Interestingly, recombinant SARS-CoVs lacking E protein PBM were attenuated in vivo, causing minimal lung damage, and no mortality in infected mice. In contrast, viruses with functional E protein PBM were highly pathogenic causing 100% mortality and inducing profuse areas of damage in the lung, indicating that E protein PBM is a determinant of pathogenicity. SARS-CoV infection induces an exacerbated immune response that potentiates both epithelial and endothelial damage within the lungs, finally leading to edema accumulation, the ultimate cause of acute lung injury (ALI) and acute respiratory distress syndrome (ARDS) [52][54]. Both the enhanced immune response, which leads to cellular infiltration, and edema accumulation leading to pulmonary failure and death, occur when conventional mice are infected with a mouse adapted SARS-CoV [55].
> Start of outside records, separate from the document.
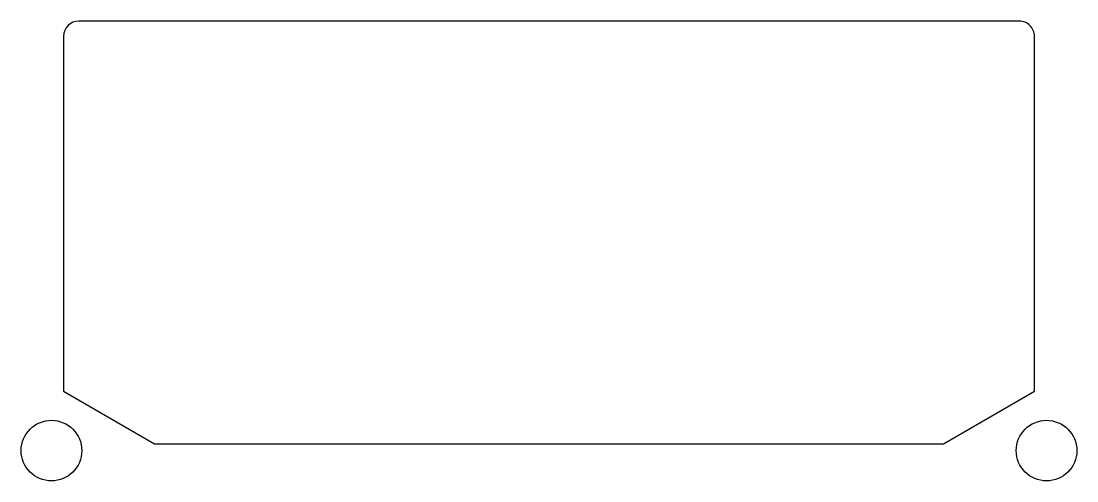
# Model space of a CAD drawing. Header units: millimetres. Extents: x 239.8 to 274.6, y -8.2 to 7.
import ezdxf

# ---------------------------------------------------------------- set-up
doc = ezdxf.new("R2010")
doc.units = ezdxf.units.MM
doc.header["$MEASUREMENT"] = 0

msp = doc.modelspace()

# ---------------------------------------------------------------- linework, layer by layer
msp.add_lwpolyline([(241.2, 6.475), (241.2, -5.243), (244.2, -6.975), (270.2, -6.975), (273.2, -5.243), (273.2, 6.475, 0.414214), (272.7, 6.975), (241.7, 6.975, 0.414212)], format="xyb", close=True)
for centre in [(240.8, -7.2), (273.6, -7.2)]:
    msp.add_circle(centre, 1)

doc.saveas('drawing.dxf')
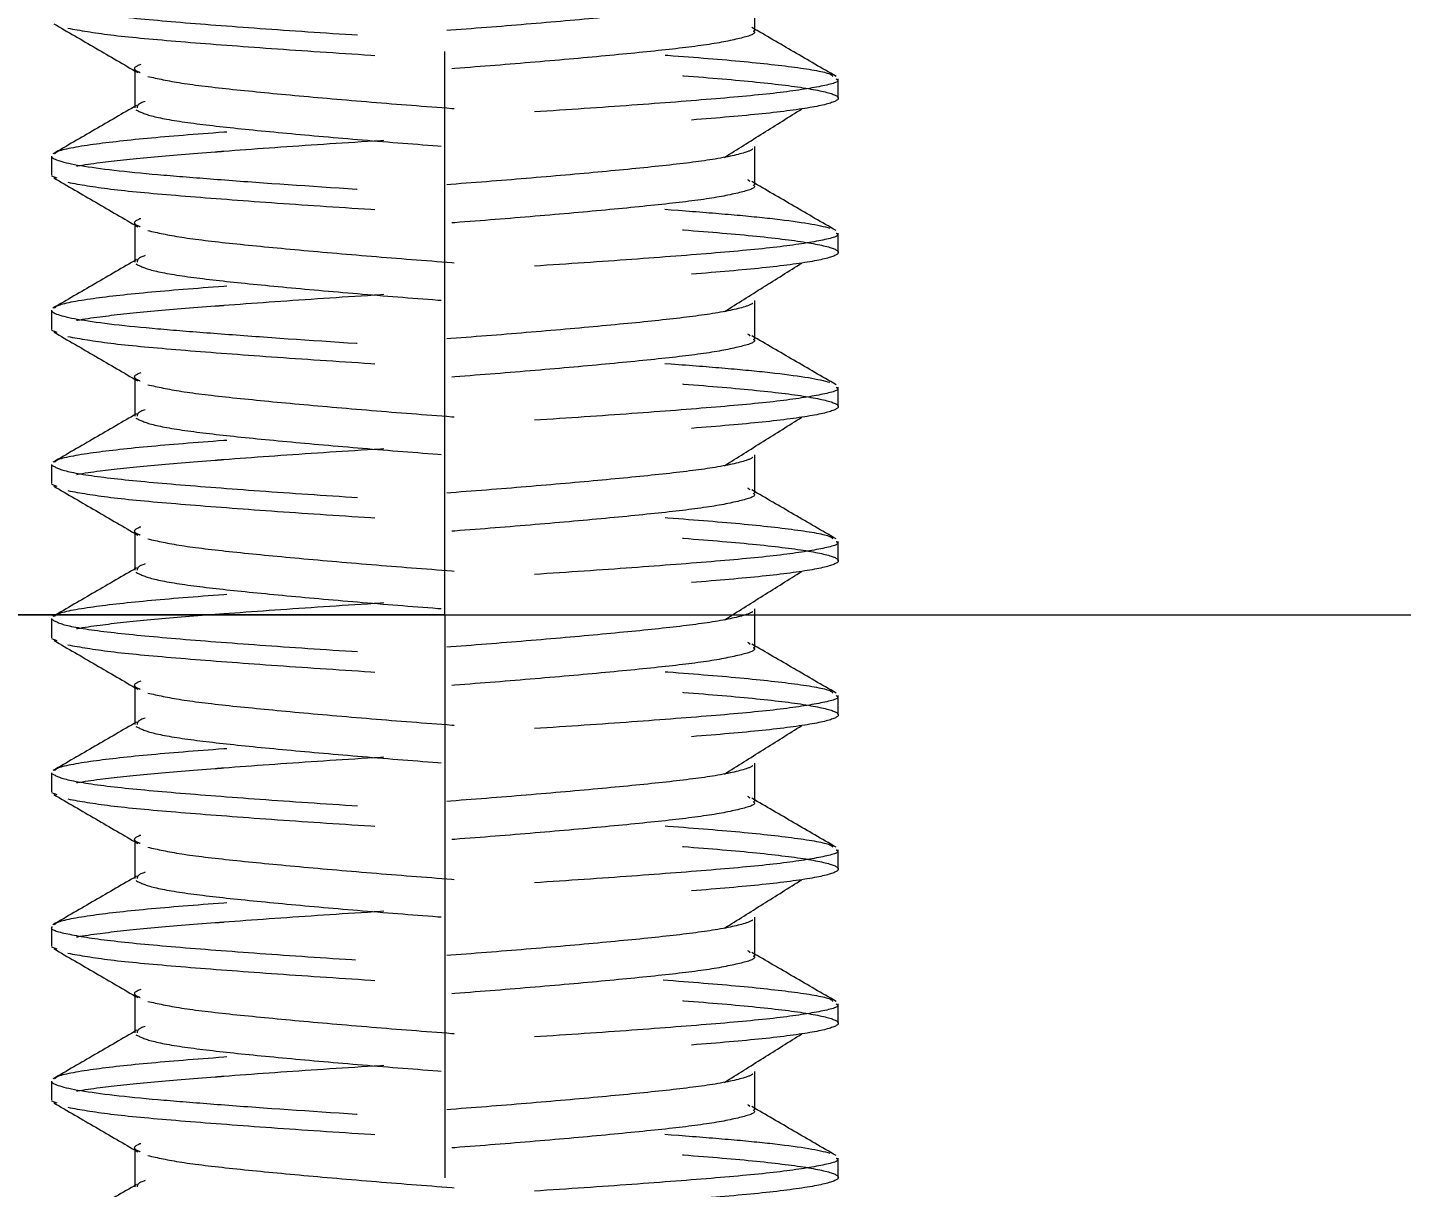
# Model space of a CAD drawing. Header units: inches. Extents: x 0 to 21.9, y 0.1 to 16.9.
# Drawn here: x 9.9696 to 10.4151, y 2.4936 to 2.8699 of the extents above; entities that cross this region are included whole.
import ezdxf

# ---------------------------------------------------------------- set-up
doc = ezdxf.new("R2010")
doc.units = ezdxf.units.IN
doc.header["$MEASUREMENT"] = 0
doc.linetypes.add('HIDDEN', pattern=[0.075, 0.05, -0.025])
doc.styles.add('SLDTEXTSTYLE0', font='TXT', dxfattribs={"width": 0.75})
doc.dimstyles.new('SLDDIMSTYLE1', dxfattribs={"dimtxt": 0.137795, "dimasz": 0.13, "dimexe": 0, "dimexo": 0.0625, "dimgap": 0.034449, "dimtad": 1, "dimdec": 3, "dimrnd": 1e-09, "dimzin": 12, "dimdsep": 46, "dimtxsty": 'SLDTEXTSTYLE0', "dimsah": 1, "dimcen": 0.09, "dimadec": 0, "dimazin": 3, "dimtfac": 1, "dimtdec": 3, "dimtofl": 0, "dimtmove": 0, "dimatfit": 3, "dimfxl": 1, "dimfrac": 2, "dimtolj": 1, "dimtzin": 12, "dimarcsym": 0})

# ---------------------------------------------------------------- blocks, each defined once
blk = doc.blocks.new('_D_19')
at = {"color": 7, "linetype": 'Continuous', "lineweight": 0}
for p, q in [((3.04296, 2.72944), (3.04296, 4.1459)), ((10.91698, 2.72944), (10.91698, 4.1459)), ((3.04296, 4.0209), (10.91698, 4.0209))]:
    blk.add_line(p, q, dxfattribs=at)
at = {"color": 7, "linetype": 'Continuous', "lineweight": 18}
for points in [[(3.04296, 4.0209), (3.17296, 4.0009), (3.17296, 4.0409)], [(10.91698, 4.0209), (10.78698, 4.0409), (10.78698, 4.0009)]]:
    blk.add_solid(points, dxfattribs=at)
at = {"color": 7, "linetype": 'Continuous', "lineweight": 18, "insert": (6.63087, 4.19853), "char_height": 0.137795, "attachment_point": 1, "style": 'SLDTEXTSTYLE0'}
blk.add_mtext('7.874', dxfattribs=at)
blk = doc.blocks.new('SW_CENTERMARKSYMBOL_5')
at = {"color": 0, "linetype": 'Continuous', "lineweight": 18}
blk.add_line((0.2, 0), (4.58931, 0), dxfattribs=at)
blk = doc.blocks.new('SW_CENTERMARKSYMBOL_7')
at = {"color": 0, "linetype": 'Continuous', "lineweight": 18}
for p, q in [((0, 0.1), (0, 0.18268)), ((0, 0), (0, 0.1)), ((-0.1, 0), (-0.18268, 0)), ((0, 0), (-0.1, 0)), ((0, 0), (0, -0.1)), ((0, 0), (0.1, 0)), ((0.1, 0), (0.18268, 0)), ((0, -0.1), (0, -0.18268))]:
    blk.add_line(p, q, dxfattribs=at)

msp = doc.modelspace()

# ---------------------------------------------------------------- linework, layer by layer
at = {"color": 7, "linetype": 'HIDDEN', "lineweight": 18}
for p, q in [((10.20547, 2.86882), (10.20547, 2.88132)), ((10.00447, 2.85632), (10.00447, 2.84382)), ((10.20547, 2.81882), (10.20547, 2.83132)), ((9.97745, 2.82174), (9.97913, 2.82108)), ((10.00447, 2.80632), (10.00447, 2.79382)), ((10.20547, 2.76882), (10.20547, 2.78132)), ((9.97745, 2.77174), (9.97913, 2.77108)), ((10.00447, 2.75632), (10.00447, 2.74382)), ((10.20547, 2.71882), (10.20547, 2.73132)), ((9.97745, 2.72174), (9.97913, 2.72108)), ((10.00447, 2.70632), (10.00447, 2.69382)), ((10.20547, 2.66882), (10.20547, 2.68132)), ((9.97745, 2.67174), (9.97913, 2.67108)), ((10.00447, 2.65632), (10.00447, 2.64382)), ((10.20547, 2.61882), (10.20547, 2.63132)), ((9.97745, 2.62174), (9.97913, 2.62108)), ((10.00447, 2.60632), (10.00447, 2.59382)), ((10.20547, 2.56882), (10.20547, 2.58132)), ((9.97745, 2.57174), (9.97913, 2.57108)), ((10.00447, 2.55632), (10.00447, 2.54382)), ((10.20547, 2.51882), (10.20547, 2.53132)), ((9.97745, 2.52174), (9.97913, 2.52108)), ((10.00447, 2.50632), (10.00447, 2.49382))]:
    msp.add_line(p, q, dxfattribs=at)
for points, knots in [([(10.00865, 2.90403), (10.01187, 2.9033), (10.01824, 2.90185), (10.0356, 2.89982), (10.05727, 2.89774), (10.08238, 2.89554), (10.10903, 2.89352), (10.13541, 2.89143), (10.15967, 2.88923), (10.18013, 2.88722), (10.19541, 2.88512), (10.2044, 2.88293), (10.20628, 2.88112), (10.20269, 2.87918), (10.1933, 2.87712), (10.17638, 2.87502), (10.15503, 2.87296), (10.1302, 2.87076), (10.10362, 2.86872), (10.07713, 2.86665), (10.05258, 2.86445), (10.03168, 2.86242), (10.01573, 2.86035), (10.00641, 2.85814), (10.00317, 2.85652), (10.00553, 2.85554), (10.00623, 2.85525)], [0, 0, 0, 0, 0.043566, 0.086232, 0.129238, 0.172799, 0.215438, 0.258477, 0.302032, 0.344645, 0.387715, 0.431264, 0.473853, 0.504268, 0.551753, 0.594546, 0.637413, 0.680988, 0.723747, 0.76665, 0.810223, 0.852949, 0.895887, 0.939457, 0.982152, 1, 1, 1, 1]), ([(9.97745, 2.87799), (9.9786, 2.8773), (9.98091, 2.87592), (9.99537, 2.87372), (10.01679, 2.8717), (10.04446, 2.86961), (10.07629, 2.86741), (10.11012, 2.8654), (10.14361, 2.8633), (10.17437, 2.86111), (10.20046, 2.8591), (10.21942, 2.857), (10.22982, 2.85525), (10.23056, 2.8543), (10.23076, 2.85404)], [0, 0, 0, 0, 0.087608, 0.176419, 0.263403, 0.351079, 0.43988, 0.526809, 0.614551, 0.70334, 0.790218, 0.878023, 0.966799, 1, 1, 1, 1]), ([(9.98272, 2.86966), (9.9868, 2.86892), (9.99488, 2.86747), (10.01692, 2.86545), (10.04442, 2.86336), (10.0763, 2.86116), (10.11012, 2.85915), (10.14361, 2.85705), (10.1744, 2.85486), (10.20037, 2.85285), (10.21977, 2.85075), (10.23117, 2.84856), (10.23383, 2.84655), (10.2276, 2.84444), (10.21283, 2.84225), (10.19059, 2.84025), (10.16244, 2.83814), (10.13028, 2.83595), (10.09638, 2.83395), (10.06308, 2.83183), (10.04161, 2.8303), (10.02373, 2.82893), (10.0087, 2.82775), (9.99131, 2.82586), (9.97946, 2.82385), (9.97833, 2.82256), (9.97781, 2.82195)], [0, 0, 0, 0, 0.044551, 0.088184, 0.132165, 0.176711, 0.220317, 0.264331, 0.30887, 0.35245, 0.396496, 0.441029, 0.484585, 0.528663, 0.573187, 0.616721, 0.660829, 0.705344, 0.748859, 0.792996, 0.837501, 0.842034, 0.878877, 0.916233, 0.960788, 1, 1, 1, 1]), ([(9.97816, 2.8711), (9.98271, 2.86846), (9.9918, 2.86318), (10.00088, 2.85789), (10.00542, 2.85525)], [0, 0, 0, 0, 0.500236, 1, 1, 1, 1]), ([(10.23179, 2.85402), (10.22724, 2.85666), (10.21815, 2.86194), (10.20906, 2.86724), (10.20452, 2.86988)], [0, 0, 0, 0, 0.500408, 1, 1, 1, 1]), ([(10.20493, 2.86882), (10.2051, 2.86869), (10.20613, 2.86787), (10.2012, 2.86632), (10.19005, 2.86413), (10.17239, 2.86212), (10.15025, 2.86001), (10.12491, 2.85782), (10.0982, 2.85582), (10.07195, 2.85371), (10.04803, 2.85152), (10.02797, 2.84952), (10.01348, 2.8474), (10.00532, 2.84543), (10.00523, 2.84429), (10.00519, 2.84382)], [0, 0, 0, 0, 0.016586, 0.100677, 0.185626, 0.268677, 0.352827, 0.437758, 0.520771, 0.604977, 0.689889, 0.772867, 0.857127, 0.942018, 1, 1, 1, 1]), ([(10.23184, 2.8532), (10.23206, 2.85306), (10.23337, 2.85224), (10.22712, 2.85069), (10.21295, 2.8485), (10.19055, 2.8465), (10.16245, 2.84439), (10.13028, 2.8422), (10.09638, 2.8402), (10.06306, 2.83808), (10.03269, 2.83589), (10.00722, 2.8339), (9.98844, 2.83173), (9.97931, 2.82999), (9.97859, 2.82906), (9.97844, 2.82887)], [0, 0, 0, 0, 0.01709, 0.10361, 0.191007, 0.276461, 0.36304, 0.450419, 0.535834, 0.62247, 0.709829, 0.795209, 0.881901, 0.975878, 1, 1, 1, 1]), ([(10.00865, 2.85403), (10.01187, 2.8533), (10.01824, 2.85185), (10.0356, 2.84982), (10.05727, 2.84774), (10.08238, 2.84554), (10.10903, 2.84352), (10.13541, 2.84143), (10.15967, 2.83923), (10.18013, 2.83722), (10.19541, 2.83512), (10.2044, 2.83293), (10.20628, 2.83112), (10.20269, 2.82918), (10.1933, 2.82712), (10.17638, 2.82502), (10.15503, 2.82296), (10.1302, 2.82076), (10.10362, 2.81872), (10.07713, 2.81665), (10.05258, 2.81445), (10.03168, 2.81242), (10.01573, 2.81035), (10.00641, 2.80814), (10.00317, 2.80652), (10.00553, 2.80554), (10.00623, 2.80525)], [0, 0, 0, 0, 0.043566, 0.086232, 0.129238, 0.172799, 0.215438, 0.258477, 0.302032, 0.344645, 0.387716, 0.431264, 0.473853, 0.504269, 0.551753, 0.594546, 0.637413, 0.680988, 0.723747, 0.76665, 0.810223, 0.852949, 0.895887, 0.939458, 0.982152, 1, 1, 1, 1]), ([(10.23254, 2.84694), (10.23254, 2.84799), (10.23254, 2.85007), (10.23254, 2.85215), (10.23254, 2.85319)], [0, 0, 0, 0, 0.500174, 1, 1, 1, 1]), ([(10.00504, 2.84463), (10.00052, 2.842), (9.99148, 2.83674), (9.98243, 2.83149), (9.9779, 2.82886)], [0, 0, 0, 0, 0.49981, 1, 1, 1, 1]), ([(10.00478, 2.84321), (10.00616, 2.84251), (10.00892, 2.8411), (10.02161, 2.83891), (10.03955, 2.83692), (10.06215, 2.83479), (10.08769, 2.83261), (10.11047, 2.83092), (10.13486, 2.82896), (10.158, 2.8269), (10.18021, 2.82472), (10.19508, 2.82263), (10.20312, 2.82095), (10.20372, 2.82007), (10.20385, 2.81989)], [0, 0, 0, 0, 0.090525, 0.181645, 0.270674, 0.361254, 0.452347, 0.541351, 0.591573, 0.704685, 0.79395, 0.884172, 0.975396, 1, 1, 1, 1]), ([(10.19566, 2.82776), (10.19982, 2.83038), (10.20814, 2.83562), (10.21651, 2.84086), (10.22069, 2.84347)], [0, 0, 0, 0, 0.499999, 1, 1, 1, 1]), ([(9.97741, 2.82819), (9.97741, 2.82715), (9.97741, 2.82507), (9.97741, 2.82299), (9.97741, 2.82194)], [0, 0, 0, 0, 0.499797, 1, 1, 1, 1]), ([(9.97745, 2.82799), (9.97785, 2.82709), (9.98103, 2.82609), (9.99291, 2.82409), (10.00158, 2.82309), (10.01712, 2.82173), (10.02276, 2.82128), (10.03513, 2.82032), (10.04181, 2.81983), (10.06285, 2.81833), (10.07824, 2.81732), (10.10107, 2.81592), (10.10857, 2.81548), (10.12379, 2.81455), (10.13144, 2.81406), (10.15396, 2.81258), (10.16835, 2.81155), (10.18694, 2.81012), (10.19261, 2.80967), (10.20298, 2.80876), (10.20776, 2.80829), (10.22043, 2.80682), (10.22655, 2.8058), (10.22976, 2.80482)], [0, 0, 0, 0, 0.125, 0.125, 0.25, 0.25, 0.3125, 0.3125, 0.375, 0.375, 0.5, 0.5, 0.5625, 0.5625, 0.625, 0.625, 0.75, 0.75, 0.8125, 0.8125, 0.875, 0.875, 1, 1, 1, 1]), ([(9.97816, 2.8211), (9.98271, 2.81846), (9.9918, 2.81318), (10.00088, 2.80789), (10.00542, 2.80525)], [0, 0, 0, 0, 0.500224, 1, 1, 1, 1]), ([(9.98272, 2.81966), (9.9868, 2.81892), (9.99488, 2.81747), (10.01692, 2.81545), (10.04442, 2.81336), (10.0763, 2.81116), (10.11012, 2.80915), (10.14361, 2.80705), (10.1744, 2.80486), (10.20037, 2.80285), (10.21977, 2.80075), (10.23117, 2.79856), (10.23383, 2.79655), (10.2276, 2.79444), (10.21283, 2.79225), (10.19059, 2.79025), (10.16244, 2.78814), (10.13028, 2.78595), (10.09638, 2.78395), (10.06308, 2.78183), (10.04161, 2.7803), (10.02373, 2.77893), (10.0087, 2.77775), (9.99131, 2.77586), (9.97946, 2.77385), (9.97833, 2.77256), (9.97781, 2.77195)], [0, 0, 0, 0, 0.044551, 0.088184, 0.132165, 0.176711, 0.220317, 0.264331, 0.30887, 0.35245, 0.396496, 0.441029, 0.484585, 0.528663, 0.573187, 0.616721, 0.660829, 0.705344, 0.748859, 0.792996, 0.837501, 0.842034, 0.878877, 0.916233, 0.960788, 1, 1, 1, 1]), ([(10.20493, 2.81882), (10.2051, 2.81869), (10.20613, 2.81787), (10.2012, 2.81632), (10.19005, 2.81413), (10.17239, 2.81212), (10.15025, 2.81001), (10.12491, 2.80782), (10.0982, 2.80582), (10.07195, 2.80371), (10.04803, 2.80152), (10.02797, 2.79952), (10.01348, 2.7974), (10.00532, 2.79543), (10.00523, 2.79429), (10.00519, 2.79382)], [0, 0, 0, 0, 0.016586, 0.100677, 0.185626, 0.268677, 0.352827, 0.437758, 0.520771, 0.604977, 0.689889, 0.772867, 0.857127, 0.942018, 1, 1, 1, 1]), ([(10.23179, 2.80402), (10.22724, 2.80666), (10.21815, 2.81194), (10.20906, 2.81724), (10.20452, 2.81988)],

In SARS-CoV-infected patients and animal models, it has been shown that the observed pathology is associated with an exacerbated inflammatory response, linked to elevated levels of pro-inflammatory cytokines [54], [56], [57]. To understand the mechanisms leading to attenuation of viruses lacking E protein PBM, differential host gene expression in mice infected with recombinant viruses with or without an E protein PBM was analyzed using microarray analysis. The expression of genes involved in the innate immune response was significantly reduced in mice infected with SARS-CoV lacking E protein PBM, suggesting an important role of the PBM in the uncontrolled immune response triggered during SARS-CoV infection.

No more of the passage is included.